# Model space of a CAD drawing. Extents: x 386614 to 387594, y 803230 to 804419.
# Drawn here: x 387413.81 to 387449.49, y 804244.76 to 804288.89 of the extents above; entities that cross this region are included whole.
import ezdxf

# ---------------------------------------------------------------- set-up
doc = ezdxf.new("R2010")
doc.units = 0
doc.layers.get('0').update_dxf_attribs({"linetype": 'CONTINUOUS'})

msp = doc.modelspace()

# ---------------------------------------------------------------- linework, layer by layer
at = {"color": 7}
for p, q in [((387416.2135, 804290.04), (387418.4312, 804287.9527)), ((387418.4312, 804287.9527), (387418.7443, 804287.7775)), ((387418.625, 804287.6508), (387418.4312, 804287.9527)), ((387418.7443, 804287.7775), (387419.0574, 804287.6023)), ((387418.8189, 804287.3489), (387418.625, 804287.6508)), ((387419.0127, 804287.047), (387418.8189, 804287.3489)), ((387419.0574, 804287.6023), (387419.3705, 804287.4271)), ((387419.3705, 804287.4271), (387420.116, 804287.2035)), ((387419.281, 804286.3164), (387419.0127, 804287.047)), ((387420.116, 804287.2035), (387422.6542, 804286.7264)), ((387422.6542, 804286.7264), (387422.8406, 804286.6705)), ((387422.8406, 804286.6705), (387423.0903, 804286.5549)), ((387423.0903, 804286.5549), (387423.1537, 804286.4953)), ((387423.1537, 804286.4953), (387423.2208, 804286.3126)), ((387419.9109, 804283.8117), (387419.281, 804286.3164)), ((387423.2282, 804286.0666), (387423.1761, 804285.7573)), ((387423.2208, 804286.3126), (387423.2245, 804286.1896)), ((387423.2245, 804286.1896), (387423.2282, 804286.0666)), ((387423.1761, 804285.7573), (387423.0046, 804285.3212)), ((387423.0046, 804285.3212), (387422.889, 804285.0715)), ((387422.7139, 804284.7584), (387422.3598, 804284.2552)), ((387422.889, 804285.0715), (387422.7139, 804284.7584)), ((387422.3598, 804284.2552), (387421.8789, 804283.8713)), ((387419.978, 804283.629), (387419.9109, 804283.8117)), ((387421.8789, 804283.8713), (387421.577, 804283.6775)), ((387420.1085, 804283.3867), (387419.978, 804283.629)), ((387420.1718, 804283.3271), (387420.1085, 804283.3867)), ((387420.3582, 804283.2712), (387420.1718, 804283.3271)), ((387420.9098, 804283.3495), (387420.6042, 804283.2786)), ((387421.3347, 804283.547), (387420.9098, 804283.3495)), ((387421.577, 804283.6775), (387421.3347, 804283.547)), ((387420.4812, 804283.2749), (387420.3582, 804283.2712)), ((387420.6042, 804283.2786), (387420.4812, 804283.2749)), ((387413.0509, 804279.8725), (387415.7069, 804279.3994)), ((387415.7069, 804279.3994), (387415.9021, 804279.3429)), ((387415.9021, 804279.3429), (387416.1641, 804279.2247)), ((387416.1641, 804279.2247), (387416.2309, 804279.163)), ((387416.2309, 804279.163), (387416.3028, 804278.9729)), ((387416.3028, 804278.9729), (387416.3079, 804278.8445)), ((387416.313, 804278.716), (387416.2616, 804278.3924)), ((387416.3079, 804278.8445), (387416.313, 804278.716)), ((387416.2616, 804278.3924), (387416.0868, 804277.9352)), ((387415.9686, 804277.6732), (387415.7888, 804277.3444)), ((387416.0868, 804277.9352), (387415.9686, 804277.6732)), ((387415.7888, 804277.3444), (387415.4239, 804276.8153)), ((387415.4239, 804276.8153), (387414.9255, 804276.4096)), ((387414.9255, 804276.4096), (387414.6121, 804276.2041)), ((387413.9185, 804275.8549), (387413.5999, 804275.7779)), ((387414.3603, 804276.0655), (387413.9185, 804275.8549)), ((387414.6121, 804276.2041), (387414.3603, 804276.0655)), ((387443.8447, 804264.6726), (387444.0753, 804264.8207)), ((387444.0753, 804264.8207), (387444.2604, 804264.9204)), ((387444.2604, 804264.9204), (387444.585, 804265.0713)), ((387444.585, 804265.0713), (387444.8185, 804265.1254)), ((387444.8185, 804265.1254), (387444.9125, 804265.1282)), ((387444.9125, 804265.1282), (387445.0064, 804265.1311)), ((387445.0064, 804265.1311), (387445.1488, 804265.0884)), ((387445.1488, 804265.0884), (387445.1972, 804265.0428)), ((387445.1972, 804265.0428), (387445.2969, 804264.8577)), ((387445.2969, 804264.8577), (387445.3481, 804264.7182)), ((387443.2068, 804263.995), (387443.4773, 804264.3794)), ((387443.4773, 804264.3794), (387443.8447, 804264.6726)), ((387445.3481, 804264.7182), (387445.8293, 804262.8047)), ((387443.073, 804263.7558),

Your instructions:
All the lines above must be output exactly, with none omitted.

Task result:
# Model space of a CAD drawing. Extents: x 386614 to 387594, y 803230 to 804419.
# Drawn here: x 387413.81 to 387449.49, y 804244.76 to 804288.89 of the extents above; entities that cross this region are included whole.
import ezdxf

# ---------------------------------------------------------------- set-up
doc = ezdxf.new("R2010")
doc.units = 0
doc.layers.get('0').update_dxf_attribs({"linetype": 'CONTINUOUS'})

msp = doc.modelspace()

# ---------------------------------------------------------------- linework, layer by layer
at = {"color": 7}
for p, q in [((387416.2135, 804290.04), (387418.4312, 804287.9527)), ((387418.4312, 804287.9527), (387418.7443, 804287.7775)), ((387418.625, 804287.6508), (387418.4312, 804287.9527)), ((387418.7443, 804287.7775), (387419.0574, 804287.6023)), ((387418.8189, 804287.3489), (387418.625, 804287.6508)), ((387419.0127, 804287.047), (387418.8189, 804287.3489)), ((387419.0574, 804287.6023), (387419.3705, 804287.4271)), ((387419.3705, 804287.4271), (387420.116, 804287.2035)), ((387419.281, 804286.3164), (387419.0127, 804287.047)), ((387420.116, 804287.2035), (387422.6542, 804286.7264)), ((387422.6542, 804286.7264), (387422.8406, 804286.6705)), ((387422.8406, 804286.6705), (387423.0903, 804286.5549)), ((387423.0903, 804286.5549), (387423.1537, 804286.4953)), ((387423.1537, 804286.4953), (387423.2208, 804286.3126)), ((387419.9109, 804283.8117), (387419.281, 804286.3164)), ((387423.2282, 804286.0666), (387423.1761, 804285.7573)), ((387423.2208, 804286.3126), (387423.2245, 804286.1896)), ((387423.2245, 804286.1896), (387423.2282, 804286.0666)), ((387423.1761, 804285.7573), (387423.0046, 804285.3212)), ((387423.0046, 804285.3212), (387422.889, 804285.0715)), ((387422.7139, 804284.7584), (387422.3598, 804284.2552)), ((387422.889, 804285.0715), (387422.7139, 804284.7584)), ((387422.3598, 804284.2552), (387421.8789, 804283.8713)), ((387419.978, 804283.629), (387419.9109, 804283.8117)), ((387421.8789, 804283.8713), (387421.577, 804283.6775)), ((387420.1085, 804283.3867), (387419.978, 804283.629)), ((387420.1718, 804283.3271), (387420.1085, 804283.3867)), ((387420.3582, 804283.2712), (387420.1718, 804283.3271)), ((387420.9098, 804283.3495), (387420.6042, 804283.2786)), ((387421.3347, 804283.547), (387420.9098, 804283.3495)), ((387421.577, 804283.6775), (387421.3347, 804283.547)), ((387420.4812, 804283.2749), (387420.3582, 804283.2712)), ((387420.6042, 804283.2786), (387420.4812, 804283.2749)), ((387413.0509, 804279.8725), (387415.7069, 804279.3994)), ((387415.7069, 804279.3994), (387415.9021, 804279.3429)), ((387415.9021, 804279.3429), (387416.1641, 804279.2247)), ((387416.1641, 804279.2247), (387416.2309, 804279.163)), ((387416.2309, 804279.163), (387416.3028, 804278.9729)), ((387416.3028, 804278.9729), (387416.3079, 804278.8445)), ((387416.313, 804278.716), (387416.2616, 804278.3924)), ((387416.3079, 804278.8445), (387416.313, 804278.716)), ((387416.2616, 804278.3924), (387416.0868, 804277.9352)), ((387415.9686, 804277.6732), (387415.7888, 804277.3444)), ((387416.0868, 804277.9352), (387415.9686, 804277.6732)), ((387415.7888, 804277.3444), (387415.4239, 804276.8153)), ((387415.4239, 804276.8153), (387414.9255, 804276.4096)), ((387414.9255, 804276.4096), (387414.6121, 804276.2041)), ((387413.9185, 804275.8549), (387413.5999, 804275.7779)), ((387414.3603, 804276.0655), (387413.9185, 804275.8549)), ((387414.6121, 804276.2041), (387414.3603, 804276.0655)), ((387443.8447, 804264.6726), (387444.0753, 804264.8207)), ((387444.0753, 804264.8207), (387444.2604, 804264.9204)), ((387444.2604, 804264.9204), (387444.585, 804265.0713)), ((387444.585, 804265.0713), (387444.8185, 804265.1254)), ((387444.8185, 804265.1254), (387444.9125, 804265.1282)), ((387444.9125, 804265.1282), (387445.0064, 804265.1311)), ((387445.0064, 804265.1311), (387445.1488, 804265.0884)), ((387445.1488, 804265.0884), (387445.1972, 804265.0428)), ((387445.1972, 804265.0428), (387445.2969, 804264.8577)), ((387445.2969, 804264.8577), (387445.3481, 804264.7182)), ((387443.2068, 804263.995), (387443.4773, 804264.3794)), ((387443.4773, 804264.3794), (387443.8447, 804264.6726)), ((387445.3481, 804264.7182), (387445.8293, 804262.8047)), ((387443.073, 804263.7558),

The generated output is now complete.